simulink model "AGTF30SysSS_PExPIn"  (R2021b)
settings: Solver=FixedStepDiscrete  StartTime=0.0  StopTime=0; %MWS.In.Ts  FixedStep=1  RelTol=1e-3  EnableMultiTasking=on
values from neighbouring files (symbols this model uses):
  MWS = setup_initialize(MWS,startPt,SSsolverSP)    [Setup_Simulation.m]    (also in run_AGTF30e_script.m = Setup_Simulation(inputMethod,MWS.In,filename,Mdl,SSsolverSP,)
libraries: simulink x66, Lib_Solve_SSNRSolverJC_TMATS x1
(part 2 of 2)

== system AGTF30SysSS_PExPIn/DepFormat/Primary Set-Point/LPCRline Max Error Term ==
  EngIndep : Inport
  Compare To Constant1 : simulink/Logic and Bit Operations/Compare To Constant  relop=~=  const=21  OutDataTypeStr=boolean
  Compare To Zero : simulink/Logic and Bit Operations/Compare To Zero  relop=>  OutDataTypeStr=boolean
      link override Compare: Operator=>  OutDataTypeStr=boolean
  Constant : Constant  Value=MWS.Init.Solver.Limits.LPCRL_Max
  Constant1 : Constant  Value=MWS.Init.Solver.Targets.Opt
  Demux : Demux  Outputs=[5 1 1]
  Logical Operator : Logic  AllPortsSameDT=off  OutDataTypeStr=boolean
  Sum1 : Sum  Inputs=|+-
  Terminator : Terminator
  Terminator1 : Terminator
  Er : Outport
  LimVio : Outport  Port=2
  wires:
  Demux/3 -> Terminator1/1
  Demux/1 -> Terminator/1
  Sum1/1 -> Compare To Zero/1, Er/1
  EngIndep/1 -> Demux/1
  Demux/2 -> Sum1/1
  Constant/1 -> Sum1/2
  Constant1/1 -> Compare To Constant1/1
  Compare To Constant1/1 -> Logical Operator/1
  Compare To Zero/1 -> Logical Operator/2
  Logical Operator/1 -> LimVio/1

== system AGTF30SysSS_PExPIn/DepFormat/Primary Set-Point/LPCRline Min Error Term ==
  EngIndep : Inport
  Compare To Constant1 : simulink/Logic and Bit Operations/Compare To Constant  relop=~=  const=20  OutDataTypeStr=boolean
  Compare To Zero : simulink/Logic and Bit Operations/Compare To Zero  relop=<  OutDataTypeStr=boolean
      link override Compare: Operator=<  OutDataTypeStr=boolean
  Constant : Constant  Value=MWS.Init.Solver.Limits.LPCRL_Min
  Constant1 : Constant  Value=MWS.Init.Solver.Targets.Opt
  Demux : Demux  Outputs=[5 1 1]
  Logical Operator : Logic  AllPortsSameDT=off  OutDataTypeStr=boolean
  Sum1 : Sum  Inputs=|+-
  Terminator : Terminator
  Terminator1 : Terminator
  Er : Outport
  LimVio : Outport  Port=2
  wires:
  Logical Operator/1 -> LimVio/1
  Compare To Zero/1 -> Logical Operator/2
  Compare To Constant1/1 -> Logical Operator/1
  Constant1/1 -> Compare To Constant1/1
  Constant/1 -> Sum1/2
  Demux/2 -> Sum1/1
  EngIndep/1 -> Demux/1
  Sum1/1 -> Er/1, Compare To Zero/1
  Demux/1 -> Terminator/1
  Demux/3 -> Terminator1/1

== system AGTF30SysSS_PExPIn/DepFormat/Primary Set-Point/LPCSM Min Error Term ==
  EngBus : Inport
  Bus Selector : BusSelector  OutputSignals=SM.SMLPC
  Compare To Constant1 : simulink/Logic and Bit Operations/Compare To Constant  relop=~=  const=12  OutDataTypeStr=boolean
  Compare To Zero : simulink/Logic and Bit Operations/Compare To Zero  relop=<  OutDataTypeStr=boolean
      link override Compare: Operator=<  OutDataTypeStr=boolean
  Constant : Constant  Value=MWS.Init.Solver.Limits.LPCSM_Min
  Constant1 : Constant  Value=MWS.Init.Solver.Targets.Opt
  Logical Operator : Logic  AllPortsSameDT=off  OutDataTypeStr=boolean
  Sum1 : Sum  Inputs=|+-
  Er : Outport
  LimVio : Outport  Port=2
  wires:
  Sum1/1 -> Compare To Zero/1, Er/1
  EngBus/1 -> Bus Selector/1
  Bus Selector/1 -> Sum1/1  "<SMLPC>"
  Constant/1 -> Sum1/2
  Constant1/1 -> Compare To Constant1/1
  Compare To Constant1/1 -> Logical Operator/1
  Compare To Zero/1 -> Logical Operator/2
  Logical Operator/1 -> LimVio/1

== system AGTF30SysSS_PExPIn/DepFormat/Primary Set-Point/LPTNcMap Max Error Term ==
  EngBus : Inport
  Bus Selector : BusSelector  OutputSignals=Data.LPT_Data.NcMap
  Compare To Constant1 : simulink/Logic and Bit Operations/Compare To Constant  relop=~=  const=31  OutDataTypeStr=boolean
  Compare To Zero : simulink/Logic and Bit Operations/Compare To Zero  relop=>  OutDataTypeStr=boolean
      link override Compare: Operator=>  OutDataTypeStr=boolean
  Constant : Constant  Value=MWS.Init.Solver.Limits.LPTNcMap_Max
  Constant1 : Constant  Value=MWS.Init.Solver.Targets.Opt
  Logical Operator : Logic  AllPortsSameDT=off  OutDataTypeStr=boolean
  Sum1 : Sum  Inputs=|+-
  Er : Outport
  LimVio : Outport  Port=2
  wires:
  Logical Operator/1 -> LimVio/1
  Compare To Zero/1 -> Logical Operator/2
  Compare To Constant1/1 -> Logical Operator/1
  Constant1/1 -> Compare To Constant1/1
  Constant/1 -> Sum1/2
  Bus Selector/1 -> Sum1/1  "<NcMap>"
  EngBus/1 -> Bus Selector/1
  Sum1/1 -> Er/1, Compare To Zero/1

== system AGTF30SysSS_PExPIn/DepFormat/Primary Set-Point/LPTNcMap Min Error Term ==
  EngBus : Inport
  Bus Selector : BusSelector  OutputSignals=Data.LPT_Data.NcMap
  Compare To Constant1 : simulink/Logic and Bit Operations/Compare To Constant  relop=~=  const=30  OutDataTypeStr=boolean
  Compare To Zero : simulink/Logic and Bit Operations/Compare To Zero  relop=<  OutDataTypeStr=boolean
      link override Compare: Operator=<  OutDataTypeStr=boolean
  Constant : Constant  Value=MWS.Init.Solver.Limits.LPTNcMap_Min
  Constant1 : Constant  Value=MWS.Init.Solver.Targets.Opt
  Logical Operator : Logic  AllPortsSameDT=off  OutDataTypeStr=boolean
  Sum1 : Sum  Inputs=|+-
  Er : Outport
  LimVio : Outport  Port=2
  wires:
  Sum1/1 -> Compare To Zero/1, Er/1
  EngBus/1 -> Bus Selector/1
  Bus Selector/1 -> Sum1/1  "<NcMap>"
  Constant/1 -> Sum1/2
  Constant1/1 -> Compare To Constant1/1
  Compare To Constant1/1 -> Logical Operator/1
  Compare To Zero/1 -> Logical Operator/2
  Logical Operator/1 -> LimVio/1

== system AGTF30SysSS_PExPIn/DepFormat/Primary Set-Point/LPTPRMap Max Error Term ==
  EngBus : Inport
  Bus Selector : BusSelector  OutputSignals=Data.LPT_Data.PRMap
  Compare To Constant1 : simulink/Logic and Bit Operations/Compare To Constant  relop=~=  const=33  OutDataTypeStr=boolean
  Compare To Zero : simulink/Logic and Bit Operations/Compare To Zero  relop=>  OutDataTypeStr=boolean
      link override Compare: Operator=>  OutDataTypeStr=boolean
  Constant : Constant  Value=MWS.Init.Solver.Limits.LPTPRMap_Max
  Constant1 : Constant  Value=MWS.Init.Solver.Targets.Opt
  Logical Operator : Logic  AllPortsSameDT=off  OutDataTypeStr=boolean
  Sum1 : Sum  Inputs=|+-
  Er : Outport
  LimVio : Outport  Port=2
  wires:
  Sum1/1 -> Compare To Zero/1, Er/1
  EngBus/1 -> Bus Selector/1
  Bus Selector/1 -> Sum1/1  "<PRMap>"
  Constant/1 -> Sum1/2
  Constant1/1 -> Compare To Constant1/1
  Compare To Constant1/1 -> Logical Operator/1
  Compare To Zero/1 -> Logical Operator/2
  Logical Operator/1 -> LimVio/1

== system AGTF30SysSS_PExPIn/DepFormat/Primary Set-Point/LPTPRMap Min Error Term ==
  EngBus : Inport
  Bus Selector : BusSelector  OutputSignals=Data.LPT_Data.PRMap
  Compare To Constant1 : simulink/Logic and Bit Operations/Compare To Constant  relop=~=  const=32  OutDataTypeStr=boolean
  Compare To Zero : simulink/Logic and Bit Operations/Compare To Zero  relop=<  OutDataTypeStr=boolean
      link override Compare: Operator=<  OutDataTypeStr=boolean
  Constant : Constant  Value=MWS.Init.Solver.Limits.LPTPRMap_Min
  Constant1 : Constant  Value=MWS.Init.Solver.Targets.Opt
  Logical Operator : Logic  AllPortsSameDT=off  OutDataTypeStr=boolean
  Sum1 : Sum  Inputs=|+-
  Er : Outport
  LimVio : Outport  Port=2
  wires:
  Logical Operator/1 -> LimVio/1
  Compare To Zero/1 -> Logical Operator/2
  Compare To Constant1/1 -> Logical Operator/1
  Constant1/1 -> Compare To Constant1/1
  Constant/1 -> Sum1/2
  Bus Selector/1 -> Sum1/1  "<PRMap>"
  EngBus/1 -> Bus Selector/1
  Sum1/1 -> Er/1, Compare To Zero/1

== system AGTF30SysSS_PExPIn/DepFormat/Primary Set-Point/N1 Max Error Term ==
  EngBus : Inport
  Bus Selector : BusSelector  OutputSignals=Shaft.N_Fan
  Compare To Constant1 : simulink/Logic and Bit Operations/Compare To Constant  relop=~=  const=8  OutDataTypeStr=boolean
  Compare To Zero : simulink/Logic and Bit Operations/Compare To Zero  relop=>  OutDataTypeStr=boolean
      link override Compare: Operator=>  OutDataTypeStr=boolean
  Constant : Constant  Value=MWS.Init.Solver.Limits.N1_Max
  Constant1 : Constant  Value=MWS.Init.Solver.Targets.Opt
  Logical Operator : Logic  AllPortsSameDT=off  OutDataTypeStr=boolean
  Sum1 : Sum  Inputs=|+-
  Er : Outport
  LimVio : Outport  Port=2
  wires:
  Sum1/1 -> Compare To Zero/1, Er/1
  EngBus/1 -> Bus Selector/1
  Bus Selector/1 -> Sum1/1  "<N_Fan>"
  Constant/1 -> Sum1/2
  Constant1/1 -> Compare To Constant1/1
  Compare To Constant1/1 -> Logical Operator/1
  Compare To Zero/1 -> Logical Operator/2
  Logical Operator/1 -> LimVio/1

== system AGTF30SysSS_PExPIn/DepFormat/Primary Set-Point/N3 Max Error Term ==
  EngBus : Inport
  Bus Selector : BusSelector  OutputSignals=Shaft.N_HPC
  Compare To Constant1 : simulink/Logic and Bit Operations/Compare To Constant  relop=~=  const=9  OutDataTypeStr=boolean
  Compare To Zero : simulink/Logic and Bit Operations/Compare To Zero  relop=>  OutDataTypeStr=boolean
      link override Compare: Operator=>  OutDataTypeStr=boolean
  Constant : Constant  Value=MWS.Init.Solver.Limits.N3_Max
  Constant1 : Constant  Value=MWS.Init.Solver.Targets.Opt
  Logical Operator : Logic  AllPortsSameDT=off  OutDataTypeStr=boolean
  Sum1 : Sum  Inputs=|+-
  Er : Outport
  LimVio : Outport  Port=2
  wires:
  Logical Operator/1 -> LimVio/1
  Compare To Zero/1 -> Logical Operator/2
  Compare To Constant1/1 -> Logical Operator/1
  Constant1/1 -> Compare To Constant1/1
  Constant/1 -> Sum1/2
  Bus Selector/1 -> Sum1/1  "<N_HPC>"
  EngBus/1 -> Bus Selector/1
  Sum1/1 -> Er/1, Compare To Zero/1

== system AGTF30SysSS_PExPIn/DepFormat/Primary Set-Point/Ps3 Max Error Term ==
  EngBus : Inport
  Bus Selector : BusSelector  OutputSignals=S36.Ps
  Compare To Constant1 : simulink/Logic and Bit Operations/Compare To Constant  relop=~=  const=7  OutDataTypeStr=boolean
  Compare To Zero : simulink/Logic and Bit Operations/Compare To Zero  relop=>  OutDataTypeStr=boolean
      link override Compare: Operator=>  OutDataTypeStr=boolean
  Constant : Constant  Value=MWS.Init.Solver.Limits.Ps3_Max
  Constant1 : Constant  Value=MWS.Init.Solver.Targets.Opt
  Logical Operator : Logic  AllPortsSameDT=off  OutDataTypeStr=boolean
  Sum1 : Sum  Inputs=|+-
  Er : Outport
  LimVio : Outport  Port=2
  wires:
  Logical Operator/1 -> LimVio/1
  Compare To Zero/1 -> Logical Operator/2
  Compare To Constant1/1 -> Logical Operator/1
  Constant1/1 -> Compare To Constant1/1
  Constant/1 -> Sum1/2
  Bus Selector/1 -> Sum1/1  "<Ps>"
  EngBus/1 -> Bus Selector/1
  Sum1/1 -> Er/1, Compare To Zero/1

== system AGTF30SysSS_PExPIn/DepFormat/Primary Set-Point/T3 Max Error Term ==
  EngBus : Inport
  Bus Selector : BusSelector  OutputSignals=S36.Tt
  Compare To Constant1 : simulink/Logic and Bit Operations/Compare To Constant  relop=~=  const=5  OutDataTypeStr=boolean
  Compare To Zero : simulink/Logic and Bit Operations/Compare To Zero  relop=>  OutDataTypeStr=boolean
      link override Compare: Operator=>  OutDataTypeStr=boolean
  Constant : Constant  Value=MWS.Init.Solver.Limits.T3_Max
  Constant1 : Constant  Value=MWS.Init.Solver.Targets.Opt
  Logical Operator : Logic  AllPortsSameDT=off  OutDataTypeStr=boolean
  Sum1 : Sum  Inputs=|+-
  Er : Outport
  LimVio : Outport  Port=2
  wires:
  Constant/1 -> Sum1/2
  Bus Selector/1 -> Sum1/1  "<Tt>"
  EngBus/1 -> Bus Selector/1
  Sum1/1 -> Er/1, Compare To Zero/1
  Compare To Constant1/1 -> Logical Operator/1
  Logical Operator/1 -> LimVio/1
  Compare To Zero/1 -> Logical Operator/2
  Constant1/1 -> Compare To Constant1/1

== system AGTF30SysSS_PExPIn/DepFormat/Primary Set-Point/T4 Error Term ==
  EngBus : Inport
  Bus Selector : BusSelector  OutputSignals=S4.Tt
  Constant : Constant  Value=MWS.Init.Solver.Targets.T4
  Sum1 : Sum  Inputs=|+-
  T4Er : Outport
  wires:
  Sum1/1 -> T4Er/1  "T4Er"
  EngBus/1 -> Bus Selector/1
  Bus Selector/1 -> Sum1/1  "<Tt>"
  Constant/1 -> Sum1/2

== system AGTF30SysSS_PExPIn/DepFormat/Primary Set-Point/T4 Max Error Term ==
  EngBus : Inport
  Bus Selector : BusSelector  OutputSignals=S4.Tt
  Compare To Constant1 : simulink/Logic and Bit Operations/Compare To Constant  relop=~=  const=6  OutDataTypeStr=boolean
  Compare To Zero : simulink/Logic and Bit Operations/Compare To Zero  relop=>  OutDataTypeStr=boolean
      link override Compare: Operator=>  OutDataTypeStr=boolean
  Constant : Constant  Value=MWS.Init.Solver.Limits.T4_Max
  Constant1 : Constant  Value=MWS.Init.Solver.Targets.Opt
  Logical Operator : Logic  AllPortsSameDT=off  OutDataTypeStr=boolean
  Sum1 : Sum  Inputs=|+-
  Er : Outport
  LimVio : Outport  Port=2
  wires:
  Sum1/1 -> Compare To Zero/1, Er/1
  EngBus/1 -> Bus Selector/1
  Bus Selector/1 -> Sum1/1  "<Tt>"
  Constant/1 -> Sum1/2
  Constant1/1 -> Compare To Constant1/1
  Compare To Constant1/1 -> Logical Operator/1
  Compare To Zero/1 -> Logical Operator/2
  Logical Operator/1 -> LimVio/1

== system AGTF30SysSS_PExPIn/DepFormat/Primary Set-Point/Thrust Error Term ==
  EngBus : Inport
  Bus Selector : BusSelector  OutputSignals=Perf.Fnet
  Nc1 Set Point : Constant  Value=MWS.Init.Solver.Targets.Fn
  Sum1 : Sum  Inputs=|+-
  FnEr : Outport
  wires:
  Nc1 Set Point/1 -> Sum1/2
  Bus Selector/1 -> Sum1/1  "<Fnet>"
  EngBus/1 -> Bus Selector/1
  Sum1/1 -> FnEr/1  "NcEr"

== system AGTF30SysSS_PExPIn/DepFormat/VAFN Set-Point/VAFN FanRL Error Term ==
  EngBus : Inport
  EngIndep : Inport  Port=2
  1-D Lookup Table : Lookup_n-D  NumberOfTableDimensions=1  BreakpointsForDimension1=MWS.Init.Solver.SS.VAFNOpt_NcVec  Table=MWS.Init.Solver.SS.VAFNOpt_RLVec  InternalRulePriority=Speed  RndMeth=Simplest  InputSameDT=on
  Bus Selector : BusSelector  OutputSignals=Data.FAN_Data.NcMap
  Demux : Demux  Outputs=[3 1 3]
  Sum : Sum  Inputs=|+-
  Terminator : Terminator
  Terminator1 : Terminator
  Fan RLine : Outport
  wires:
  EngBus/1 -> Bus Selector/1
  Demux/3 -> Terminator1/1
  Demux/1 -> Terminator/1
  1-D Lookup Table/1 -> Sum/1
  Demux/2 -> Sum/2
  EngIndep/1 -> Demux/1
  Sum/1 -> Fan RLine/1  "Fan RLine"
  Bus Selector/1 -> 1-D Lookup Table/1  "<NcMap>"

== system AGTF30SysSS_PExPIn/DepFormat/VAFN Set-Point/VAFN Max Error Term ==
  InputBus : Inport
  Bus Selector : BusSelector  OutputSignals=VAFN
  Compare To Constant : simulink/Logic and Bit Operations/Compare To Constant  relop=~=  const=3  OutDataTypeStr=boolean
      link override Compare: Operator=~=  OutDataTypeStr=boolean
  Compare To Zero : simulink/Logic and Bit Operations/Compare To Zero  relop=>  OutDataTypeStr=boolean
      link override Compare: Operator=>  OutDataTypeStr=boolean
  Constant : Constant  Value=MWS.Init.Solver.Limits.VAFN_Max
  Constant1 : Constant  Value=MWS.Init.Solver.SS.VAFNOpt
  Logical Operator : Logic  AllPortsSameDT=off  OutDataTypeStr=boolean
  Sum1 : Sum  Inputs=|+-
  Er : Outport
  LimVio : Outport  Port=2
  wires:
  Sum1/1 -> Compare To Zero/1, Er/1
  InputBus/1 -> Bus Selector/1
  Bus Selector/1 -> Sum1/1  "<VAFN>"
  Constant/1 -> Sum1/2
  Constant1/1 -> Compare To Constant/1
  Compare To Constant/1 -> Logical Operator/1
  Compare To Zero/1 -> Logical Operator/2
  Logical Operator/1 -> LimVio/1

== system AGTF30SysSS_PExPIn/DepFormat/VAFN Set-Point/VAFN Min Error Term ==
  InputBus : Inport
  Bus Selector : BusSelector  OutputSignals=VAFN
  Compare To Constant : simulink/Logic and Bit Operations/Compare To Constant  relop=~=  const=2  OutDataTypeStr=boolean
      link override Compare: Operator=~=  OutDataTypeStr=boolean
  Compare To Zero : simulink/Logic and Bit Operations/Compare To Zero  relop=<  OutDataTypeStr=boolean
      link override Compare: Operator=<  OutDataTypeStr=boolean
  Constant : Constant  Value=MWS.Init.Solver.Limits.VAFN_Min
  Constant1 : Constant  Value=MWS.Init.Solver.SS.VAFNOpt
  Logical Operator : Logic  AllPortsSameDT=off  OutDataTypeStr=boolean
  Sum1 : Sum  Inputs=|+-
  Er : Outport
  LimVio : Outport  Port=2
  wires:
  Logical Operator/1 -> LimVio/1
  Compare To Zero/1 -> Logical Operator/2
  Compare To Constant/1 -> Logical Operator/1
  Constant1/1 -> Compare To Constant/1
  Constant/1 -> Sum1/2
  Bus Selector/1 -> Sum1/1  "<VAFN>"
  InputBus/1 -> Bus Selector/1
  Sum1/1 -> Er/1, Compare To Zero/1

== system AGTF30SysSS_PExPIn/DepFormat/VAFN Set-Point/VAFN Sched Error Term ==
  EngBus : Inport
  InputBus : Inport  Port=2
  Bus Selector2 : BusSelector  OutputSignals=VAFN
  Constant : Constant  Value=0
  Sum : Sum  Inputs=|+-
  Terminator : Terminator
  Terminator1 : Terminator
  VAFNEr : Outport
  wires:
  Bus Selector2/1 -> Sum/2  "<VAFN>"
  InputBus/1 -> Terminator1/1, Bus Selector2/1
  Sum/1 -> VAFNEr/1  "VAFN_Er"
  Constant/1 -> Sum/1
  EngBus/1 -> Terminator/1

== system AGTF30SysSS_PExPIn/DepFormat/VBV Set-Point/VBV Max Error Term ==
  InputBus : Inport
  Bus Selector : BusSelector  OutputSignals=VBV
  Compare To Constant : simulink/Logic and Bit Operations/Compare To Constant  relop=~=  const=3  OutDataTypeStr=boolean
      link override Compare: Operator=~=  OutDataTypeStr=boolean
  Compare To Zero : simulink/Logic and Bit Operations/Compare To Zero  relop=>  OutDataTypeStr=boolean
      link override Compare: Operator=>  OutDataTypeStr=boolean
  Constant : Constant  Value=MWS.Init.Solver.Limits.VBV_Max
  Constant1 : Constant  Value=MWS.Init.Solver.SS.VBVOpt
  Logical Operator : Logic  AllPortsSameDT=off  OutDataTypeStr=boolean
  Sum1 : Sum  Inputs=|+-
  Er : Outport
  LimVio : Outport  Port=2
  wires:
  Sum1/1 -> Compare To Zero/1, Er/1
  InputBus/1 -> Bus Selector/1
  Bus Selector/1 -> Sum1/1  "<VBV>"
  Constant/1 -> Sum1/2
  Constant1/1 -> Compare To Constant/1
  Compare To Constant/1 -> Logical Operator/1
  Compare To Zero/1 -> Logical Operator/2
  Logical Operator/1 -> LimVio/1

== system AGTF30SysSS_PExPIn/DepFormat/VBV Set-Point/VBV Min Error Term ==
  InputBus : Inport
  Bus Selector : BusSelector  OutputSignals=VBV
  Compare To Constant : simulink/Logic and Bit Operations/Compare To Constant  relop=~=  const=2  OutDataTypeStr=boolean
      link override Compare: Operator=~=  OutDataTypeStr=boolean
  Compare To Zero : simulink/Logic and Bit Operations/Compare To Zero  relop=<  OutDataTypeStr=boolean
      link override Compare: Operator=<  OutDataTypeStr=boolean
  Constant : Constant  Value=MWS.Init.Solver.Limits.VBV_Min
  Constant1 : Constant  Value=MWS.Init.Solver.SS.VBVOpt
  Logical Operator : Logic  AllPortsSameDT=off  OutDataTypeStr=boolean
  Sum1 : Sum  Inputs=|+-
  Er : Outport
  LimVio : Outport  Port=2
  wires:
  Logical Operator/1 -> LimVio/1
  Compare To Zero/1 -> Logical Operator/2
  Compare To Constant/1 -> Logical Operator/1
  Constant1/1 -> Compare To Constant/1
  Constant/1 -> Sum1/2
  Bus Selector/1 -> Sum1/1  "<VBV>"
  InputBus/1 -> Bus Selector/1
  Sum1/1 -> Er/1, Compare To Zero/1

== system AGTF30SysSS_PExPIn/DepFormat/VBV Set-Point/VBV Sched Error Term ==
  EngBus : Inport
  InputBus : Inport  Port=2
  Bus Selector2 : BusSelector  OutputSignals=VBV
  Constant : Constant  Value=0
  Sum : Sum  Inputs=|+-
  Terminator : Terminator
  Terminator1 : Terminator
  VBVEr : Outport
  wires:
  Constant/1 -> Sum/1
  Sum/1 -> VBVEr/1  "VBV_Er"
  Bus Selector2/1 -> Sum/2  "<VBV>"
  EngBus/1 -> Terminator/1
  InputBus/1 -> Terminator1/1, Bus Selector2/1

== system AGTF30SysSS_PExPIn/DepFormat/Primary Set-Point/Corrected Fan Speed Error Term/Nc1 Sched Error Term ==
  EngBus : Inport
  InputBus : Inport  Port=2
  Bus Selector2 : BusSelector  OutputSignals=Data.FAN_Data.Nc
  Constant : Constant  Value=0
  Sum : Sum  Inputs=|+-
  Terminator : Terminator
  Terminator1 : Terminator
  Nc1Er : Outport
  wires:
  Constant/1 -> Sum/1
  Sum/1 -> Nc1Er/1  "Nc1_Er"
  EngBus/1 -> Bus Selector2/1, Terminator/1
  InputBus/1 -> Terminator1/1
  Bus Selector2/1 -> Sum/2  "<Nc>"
________________________________________
__WHAT YOU SHOULD DO__:
Search the listing for the word "Lookup" and return each line that holds it.

__EXERCISE RESULT__:
  1-D Lookup Table : Lookup_n-D  NumberOfTableDimensions=1  BreakpointsForDimension1=MWS.Init.Solver.SS.VAFNOpt_NcVec  Table=MWS.Init.Solver.SS.VAFNOpt_RLVec  InternalRulePriority=Speed  RndMeth=Simplest  InputSameDT=on
  1-D Lookup Table/1 -> Sum/1
  Bus Selector/1 -> 1-D Lookup Table/1  "<NcMap>"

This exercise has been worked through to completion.